WORK ORDER:
Only the lines below starting at the one containing "Detect Change : simulink/Logic" and ending at the one containing "Constant/1 -> Digital Output1/1" belong in the answer, each copied exactly.

Dataset records:
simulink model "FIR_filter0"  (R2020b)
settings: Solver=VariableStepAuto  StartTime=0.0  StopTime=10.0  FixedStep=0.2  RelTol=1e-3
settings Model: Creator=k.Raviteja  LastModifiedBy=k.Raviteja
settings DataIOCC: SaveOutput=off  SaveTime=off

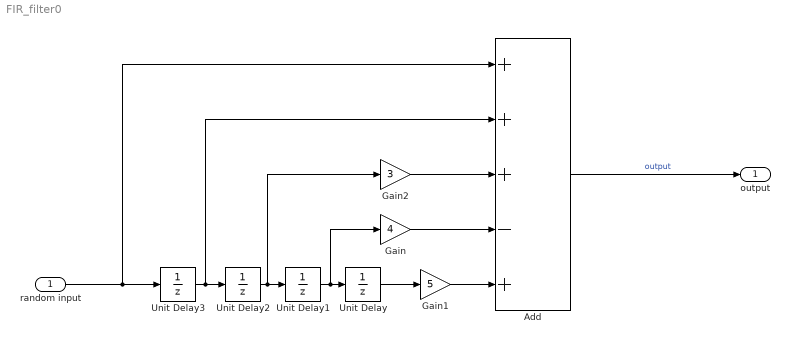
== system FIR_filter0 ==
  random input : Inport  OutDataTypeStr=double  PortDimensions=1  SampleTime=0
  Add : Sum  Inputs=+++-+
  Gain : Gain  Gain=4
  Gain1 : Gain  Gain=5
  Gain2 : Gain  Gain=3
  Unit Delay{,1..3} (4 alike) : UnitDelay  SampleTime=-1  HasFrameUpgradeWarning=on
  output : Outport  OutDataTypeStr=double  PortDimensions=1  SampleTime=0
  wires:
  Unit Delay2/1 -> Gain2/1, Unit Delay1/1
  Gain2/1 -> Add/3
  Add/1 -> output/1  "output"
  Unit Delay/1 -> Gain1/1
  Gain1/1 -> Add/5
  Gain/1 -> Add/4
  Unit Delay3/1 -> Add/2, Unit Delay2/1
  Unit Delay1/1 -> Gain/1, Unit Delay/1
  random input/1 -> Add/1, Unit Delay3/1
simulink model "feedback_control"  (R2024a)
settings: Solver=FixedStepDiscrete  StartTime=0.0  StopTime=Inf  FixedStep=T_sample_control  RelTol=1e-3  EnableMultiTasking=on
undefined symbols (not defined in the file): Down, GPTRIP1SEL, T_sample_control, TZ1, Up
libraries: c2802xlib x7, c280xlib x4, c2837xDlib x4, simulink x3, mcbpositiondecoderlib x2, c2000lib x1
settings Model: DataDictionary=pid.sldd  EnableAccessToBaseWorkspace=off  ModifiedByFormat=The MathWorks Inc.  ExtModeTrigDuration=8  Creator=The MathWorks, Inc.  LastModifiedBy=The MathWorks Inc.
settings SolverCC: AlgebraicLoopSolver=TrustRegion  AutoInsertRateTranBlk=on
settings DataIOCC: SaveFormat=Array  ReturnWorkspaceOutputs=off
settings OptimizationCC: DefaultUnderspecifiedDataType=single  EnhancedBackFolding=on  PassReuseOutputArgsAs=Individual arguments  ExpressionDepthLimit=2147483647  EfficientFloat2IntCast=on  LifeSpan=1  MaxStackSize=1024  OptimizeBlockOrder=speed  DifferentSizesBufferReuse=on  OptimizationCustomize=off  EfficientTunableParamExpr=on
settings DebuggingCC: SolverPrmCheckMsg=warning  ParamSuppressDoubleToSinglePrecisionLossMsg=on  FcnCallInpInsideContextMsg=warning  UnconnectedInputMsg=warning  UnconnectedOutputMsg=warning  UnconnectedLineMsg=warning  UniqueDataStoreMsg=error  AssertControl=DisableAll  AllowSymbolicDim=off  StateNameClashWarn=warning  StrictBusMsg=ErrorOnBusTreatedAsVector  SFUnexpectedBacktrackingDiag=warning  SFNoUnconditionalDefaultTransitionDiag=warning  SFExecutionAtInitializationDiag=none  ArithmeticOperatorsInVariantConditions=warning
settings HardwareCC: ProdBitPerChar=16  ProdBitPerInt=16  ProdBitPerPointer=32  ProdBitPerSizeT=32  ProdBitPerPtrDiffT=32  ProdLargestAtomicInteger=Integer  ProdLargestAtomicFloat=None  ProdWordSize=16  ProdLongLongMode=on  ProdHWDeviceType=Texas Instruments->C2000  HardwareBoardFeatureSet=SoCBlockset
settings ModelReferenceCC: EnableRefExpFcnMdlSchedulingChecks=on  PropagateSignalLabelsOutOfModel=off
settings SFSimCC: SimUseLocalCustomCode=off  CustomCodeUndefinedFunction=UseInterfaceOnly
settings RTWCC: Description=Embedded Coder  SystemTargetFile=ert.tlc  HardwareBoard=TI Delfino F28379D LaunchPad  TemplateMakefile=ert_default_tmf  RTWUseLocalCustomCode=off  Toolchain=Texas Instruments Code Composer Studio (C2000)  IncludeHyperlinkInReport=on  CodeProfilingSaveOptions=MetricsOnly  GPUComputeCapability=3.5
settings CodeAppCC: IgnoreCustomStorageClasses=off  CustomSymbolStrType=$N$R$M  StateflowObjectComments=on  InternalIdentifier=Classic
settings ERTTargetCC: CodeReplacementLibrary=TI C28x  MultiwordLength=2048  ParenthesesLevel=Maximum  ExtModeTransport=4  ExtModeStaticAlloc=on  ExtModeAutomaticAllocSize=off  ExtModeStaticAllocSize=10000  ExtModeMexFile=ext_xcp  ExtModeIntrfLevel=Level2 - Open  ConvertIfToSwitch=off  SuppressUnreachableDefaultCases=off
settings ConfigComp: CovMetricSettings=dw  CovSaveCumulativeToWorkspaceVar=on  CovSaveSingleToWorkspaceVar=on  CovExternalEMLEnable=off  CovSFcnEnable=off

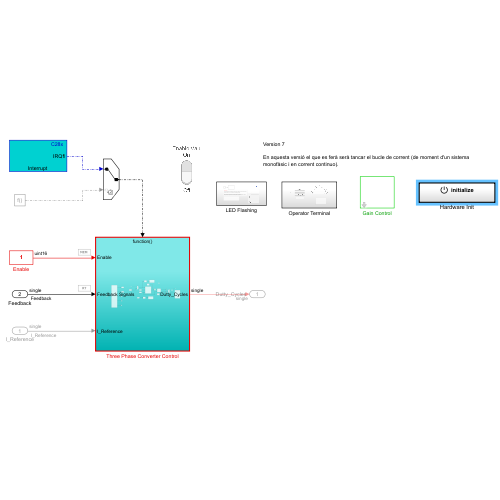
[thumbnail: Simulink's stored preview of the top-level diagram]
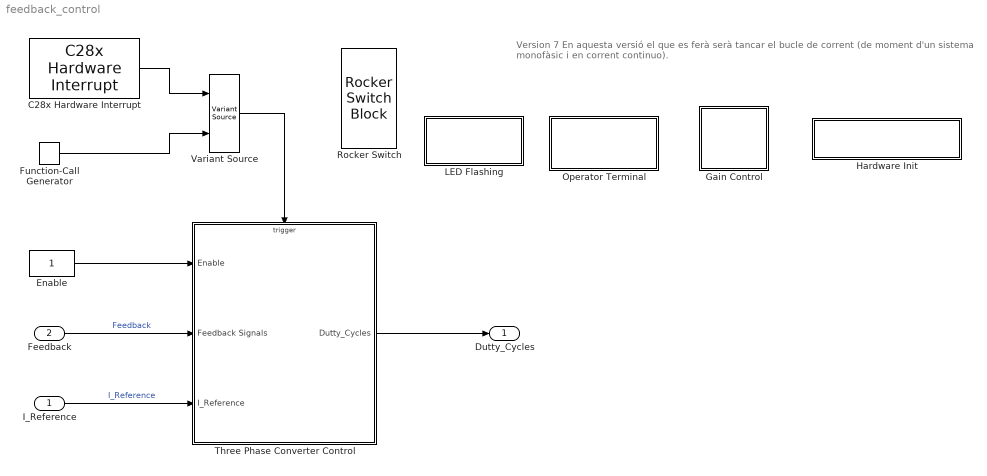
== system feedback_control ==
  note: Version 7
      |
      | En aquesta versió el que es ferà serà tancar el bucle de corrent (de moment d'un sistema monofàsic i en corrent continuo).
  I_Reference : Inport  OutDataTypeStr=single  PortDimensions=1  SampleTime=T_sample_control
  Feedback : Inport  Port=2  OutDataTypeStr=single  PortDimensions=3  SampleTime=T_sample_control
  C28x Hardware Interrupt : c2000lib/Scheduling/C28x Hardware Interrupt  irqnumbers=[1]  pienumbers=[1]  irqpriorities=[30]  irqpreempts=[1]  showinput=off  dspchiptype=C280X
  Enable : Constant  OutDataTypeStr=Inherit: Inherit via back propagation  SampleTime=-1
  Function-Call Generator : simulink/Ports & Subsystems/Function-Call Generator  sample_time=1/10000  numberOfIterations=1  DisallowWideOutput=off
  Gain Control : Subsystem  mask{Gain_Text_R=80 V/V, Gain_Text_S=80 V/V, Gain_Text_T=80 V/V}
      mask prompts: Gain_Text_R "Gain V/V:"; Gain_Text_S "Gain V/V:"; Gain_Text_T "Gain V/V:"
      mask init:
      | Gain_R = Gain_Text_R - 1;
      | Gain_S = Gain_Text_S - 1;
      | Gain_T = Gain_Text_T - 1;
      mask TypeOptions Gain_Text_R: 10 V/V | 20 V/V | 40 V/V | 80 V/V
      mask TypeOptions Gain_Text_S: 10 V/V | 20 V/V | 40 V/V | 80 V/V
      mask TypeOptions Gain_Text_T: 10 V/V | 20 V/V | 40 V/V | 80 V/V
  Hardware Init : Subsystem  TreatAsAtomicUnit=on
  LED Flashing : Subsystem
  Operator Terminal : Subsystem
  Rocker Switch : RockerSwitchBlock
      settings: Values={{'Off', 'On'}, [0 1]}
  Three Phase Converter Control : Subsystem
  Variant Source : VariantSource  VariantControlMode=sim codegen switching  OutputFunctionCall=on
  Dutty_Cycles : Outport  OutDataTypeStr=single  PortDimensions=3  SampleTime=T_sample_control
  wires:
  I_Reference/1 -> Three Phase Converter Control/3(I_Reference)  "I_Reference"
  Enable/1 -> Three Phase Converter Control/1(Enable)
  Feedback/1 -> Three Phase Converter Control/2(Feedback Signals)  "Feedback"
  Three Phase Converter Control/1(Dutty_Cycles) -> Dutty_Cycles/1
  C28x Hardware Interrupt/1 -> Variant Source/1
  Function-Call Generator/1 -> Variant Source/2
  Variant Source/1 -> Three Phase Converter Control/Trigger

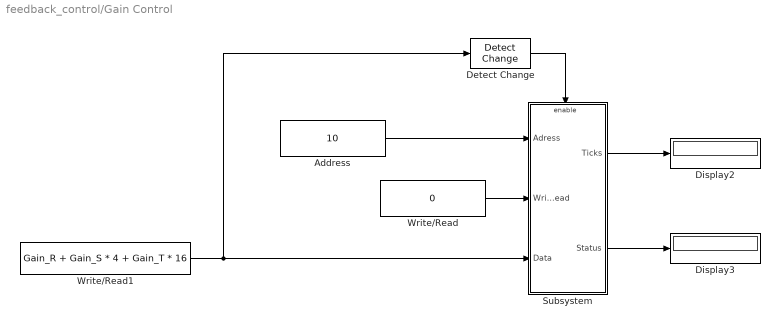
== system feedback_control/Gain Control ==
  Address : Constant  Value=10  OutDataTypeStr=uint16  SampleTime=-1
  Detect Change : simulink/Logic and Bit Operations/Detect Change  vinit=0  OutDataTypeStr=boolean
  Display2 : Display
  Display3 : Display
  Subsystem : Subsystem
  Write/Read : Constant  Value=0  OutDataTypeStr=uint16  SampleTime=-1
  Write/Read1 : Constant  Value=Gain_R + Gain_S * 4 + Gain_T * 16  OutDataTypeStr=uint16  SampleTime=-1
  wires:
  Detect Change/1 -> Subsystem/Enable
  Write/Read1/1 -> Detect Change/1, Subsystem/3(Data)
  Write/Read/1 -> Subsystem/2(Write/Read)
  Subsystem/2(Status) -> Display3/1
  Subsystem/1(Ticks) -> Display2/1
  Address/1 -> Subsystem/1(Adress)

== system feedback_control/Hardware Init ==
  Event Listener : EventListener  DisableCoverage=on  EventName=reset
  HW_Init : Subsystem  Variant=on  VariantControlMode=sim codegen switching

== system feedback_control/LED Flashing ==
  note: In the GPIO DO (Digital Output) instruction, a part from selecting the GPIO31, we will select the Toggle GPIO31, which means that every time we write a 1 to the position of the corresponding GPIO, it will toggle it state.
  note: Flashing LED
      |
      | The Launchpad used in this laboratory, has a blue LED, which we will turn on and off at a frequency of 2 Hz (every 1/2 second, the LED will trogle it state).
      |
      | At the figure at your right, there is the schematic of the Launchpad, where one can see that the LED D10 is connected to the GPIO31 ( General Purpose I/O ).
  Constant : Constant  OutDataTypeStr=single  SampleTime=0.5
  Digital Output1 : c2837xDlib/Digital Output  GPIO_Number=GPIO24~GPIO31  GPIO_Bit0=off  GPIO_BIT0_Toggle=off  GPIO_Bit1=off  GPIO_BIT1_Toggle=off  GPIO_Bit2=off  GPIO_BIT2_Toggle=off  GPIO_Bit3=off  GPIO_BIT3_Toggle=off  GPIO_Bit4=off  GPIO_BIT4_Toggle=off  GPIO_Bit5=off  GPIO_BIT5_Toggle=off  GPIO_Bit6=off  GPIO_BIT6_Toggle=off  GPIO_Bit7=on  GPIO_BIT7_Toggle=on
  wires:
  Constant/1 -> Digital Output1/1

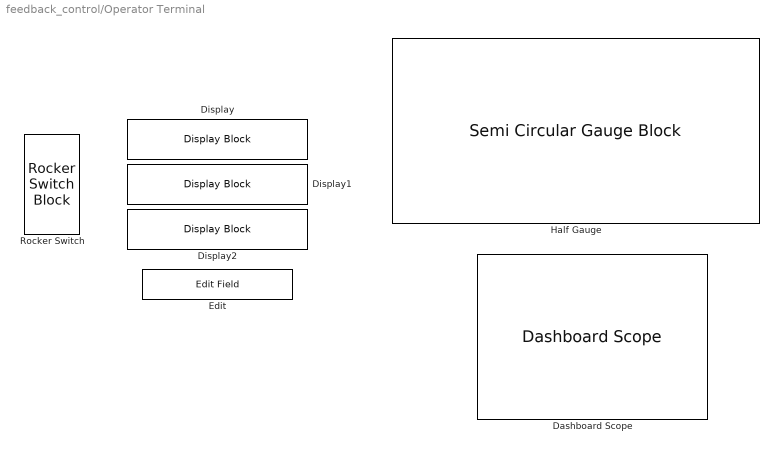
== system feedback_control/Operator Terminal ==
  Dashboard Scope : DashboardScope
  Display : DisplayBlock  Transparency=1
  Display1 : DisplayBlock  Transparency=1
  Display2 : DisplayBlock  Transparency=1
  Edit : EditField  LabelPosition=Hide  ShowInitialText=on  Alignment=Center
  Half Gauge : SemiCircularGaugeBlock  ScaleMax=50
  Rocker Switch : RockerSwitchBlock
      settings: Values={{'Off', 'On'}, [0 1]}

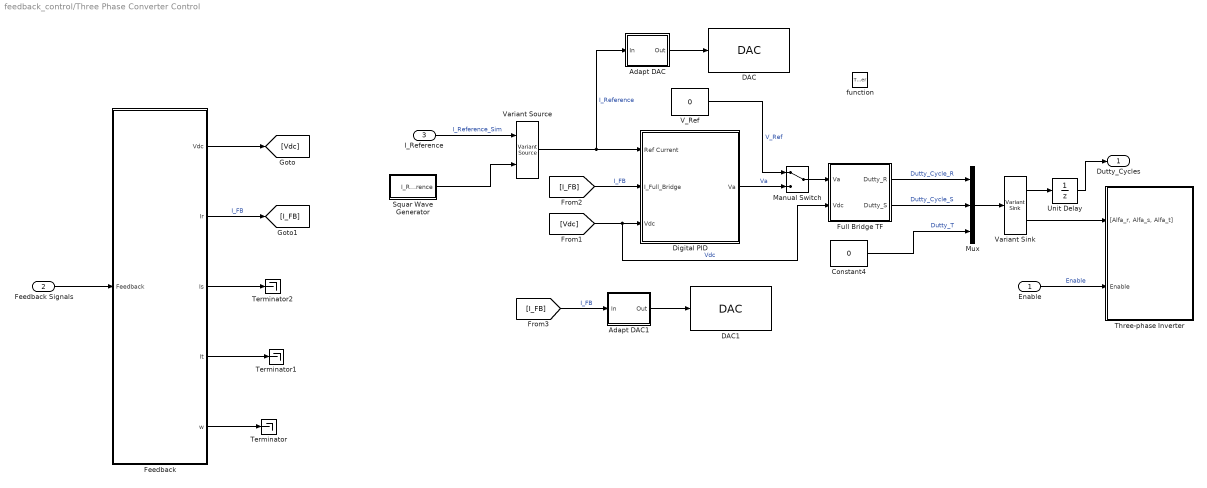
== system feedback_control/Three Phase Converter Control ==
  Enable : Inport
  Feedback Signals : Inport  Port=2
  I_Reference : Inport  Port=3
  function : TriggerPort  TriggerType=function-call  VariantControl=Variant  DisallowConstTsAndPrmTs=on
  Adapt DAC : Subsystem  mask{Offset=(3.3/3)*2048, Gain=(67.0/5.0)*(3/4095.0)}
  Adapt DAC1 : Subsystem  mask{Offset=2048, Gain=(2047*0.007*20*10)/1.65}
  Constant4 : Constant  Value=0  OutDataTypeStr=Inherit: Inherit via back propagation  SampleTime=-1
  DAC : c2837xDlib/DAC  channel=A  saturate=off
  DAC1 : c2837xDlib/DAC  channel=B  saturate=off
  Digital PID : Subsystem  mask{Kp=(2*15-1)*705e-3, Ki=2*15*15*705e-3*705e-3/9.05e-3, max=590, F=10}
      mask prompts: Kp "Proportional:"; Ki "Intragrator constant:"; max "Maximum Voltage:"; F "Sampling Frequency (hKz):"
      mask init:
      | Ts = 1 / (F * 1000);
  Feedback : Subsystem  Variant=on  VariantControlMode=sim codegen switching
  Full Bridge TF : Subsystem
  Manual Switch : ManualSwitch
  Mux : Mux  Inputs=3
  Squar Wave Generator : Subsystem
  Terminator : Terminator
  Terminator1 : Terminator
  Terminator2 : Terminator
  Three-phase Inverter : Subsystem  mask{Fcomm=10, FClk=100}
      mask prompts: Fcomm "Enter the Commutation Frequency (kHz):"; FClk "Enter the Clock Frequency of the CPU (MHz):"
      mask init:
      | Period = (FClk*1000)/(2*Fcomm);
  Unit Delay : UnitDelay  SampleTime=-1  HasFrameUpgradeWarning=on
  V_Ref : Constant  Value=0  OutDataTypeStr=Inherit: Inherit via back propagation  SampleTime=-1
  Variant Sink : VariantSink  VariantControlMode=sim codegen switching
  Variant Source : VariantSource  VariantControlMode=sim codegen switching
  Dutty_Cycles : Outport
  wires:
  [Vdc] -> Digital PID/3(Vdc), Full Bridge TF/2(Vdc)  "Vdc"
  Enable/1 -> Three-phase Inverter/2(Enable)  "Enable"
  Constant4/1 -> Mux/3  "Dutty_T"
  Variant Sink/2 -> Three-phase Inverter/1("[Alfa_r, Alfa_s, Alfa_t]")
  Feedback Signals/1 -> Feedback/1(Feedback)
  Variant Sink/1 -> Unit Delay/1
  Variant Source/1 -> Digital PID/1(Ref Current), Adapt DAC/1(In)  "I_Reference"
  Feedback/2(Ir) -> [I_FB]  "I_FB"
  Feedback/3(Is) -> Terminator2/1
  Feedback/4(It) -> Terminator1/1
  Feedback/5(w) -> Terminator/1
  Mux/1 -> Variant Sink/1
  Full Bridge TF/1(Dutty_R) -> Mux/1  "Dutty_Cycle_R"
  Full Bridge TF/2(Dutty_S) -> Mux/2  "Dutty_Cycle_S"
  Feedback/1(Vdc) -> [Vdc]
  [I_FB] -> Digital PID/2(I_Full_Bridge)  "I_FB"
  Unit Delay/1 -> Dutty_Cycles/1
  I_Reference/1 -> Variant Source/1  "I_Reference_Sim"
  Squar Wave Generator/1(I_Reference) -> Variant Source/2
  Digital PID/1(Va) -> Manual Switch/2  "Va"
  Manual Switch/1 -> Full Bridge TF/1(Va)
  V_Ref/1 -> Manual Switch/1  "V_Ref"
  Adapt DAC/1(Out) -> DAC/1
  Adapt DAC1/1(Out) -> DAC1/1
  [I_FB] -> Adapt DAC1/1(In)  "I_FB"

RESPONSE TO THE TASK:
  Detect Change : simulink/Logic and Bit Operations/Detect Change  vinit=0  OutDataTypeStr=boolean
  Display2 : Display
  Display3 : Display
  Subsystem : Subsystem
  Write/Read : Constant  Value=0  OutDataTypeStr=uint16  SampleTime=-1
  Write/Read1 : Constant  Value=Gain_R + Gain_S * 4 + Gain_T * 16  OutDataTypeStr=uint16  SampleTime=-1
  wires:
  Detect Change/1 -> Subsystem/Enable
  Write/Read1/1 -> Detect Change/1, Subsystem/3(Data)
  Write/Read/1 -> Subsystem/2(Write/Read)
  Subsystem/2(Status) -> Display3/1
  Subsystem/1(Ticks) -> Display2/1
  Address/1 -> Subsystem/1(Adress)

== system feedback_control/Hardware Init ==
  Event Listener : EventListener  DisableCoverage=on  EventName=reset
  HW_Init : Subsystem  Variant=on  VariantControlMode=sim codegen switching

== system feedback_control/LED Flashing ==
  note: In the GPIO DO (Digital Output) instruction, a part from selecting the GPIO31, we will select the Toggle GPIO31, which means that every time we write a 1 to the position of the corresponding GPIO, it will toggle it state.
  note: Flashing LED
      |
      | The Launchpad used in this laboratory, has a blue LED, which we will turn on and off at a frequency of 2 Hz (every 1/2 second, the LED will trogle it state).
      |
      | At the figure at your right, there is the schematic of the Launchpad, where one can see that the LED D10 is connected to the GPIO31 ( General Purpose I/O ).
  Constant : Constant  OutDataTypeStr=single  SampleTime=0.5
  Digital Output1 : c2837xDlib/Digital Output  GPIO_Number=GPIO24~GPIO31  GPIO_Bit0=off  GPIO_BIT0_Toggle=off  GPIO_Bit1=off  GPIO_BIT1_Toggle=off  GPIO_Bit2=off  GPIO_BIT2_Toggle=off  GPIO_Bit3=off  GPIO_BIT3_Toggle=off  GPIO_Bit4=off  GPIO_BIT4_Toggle=off  GPIO_Bit5=off  GPIO_BIT5_Toggle=off  GPIO_Bit6=off  GPIO_BIT6_Toggle=off  GPIO_Bit7=on  GPIO_BIT7_Toggle=on
  wires:
  Constant/1 -> Digital Output1/1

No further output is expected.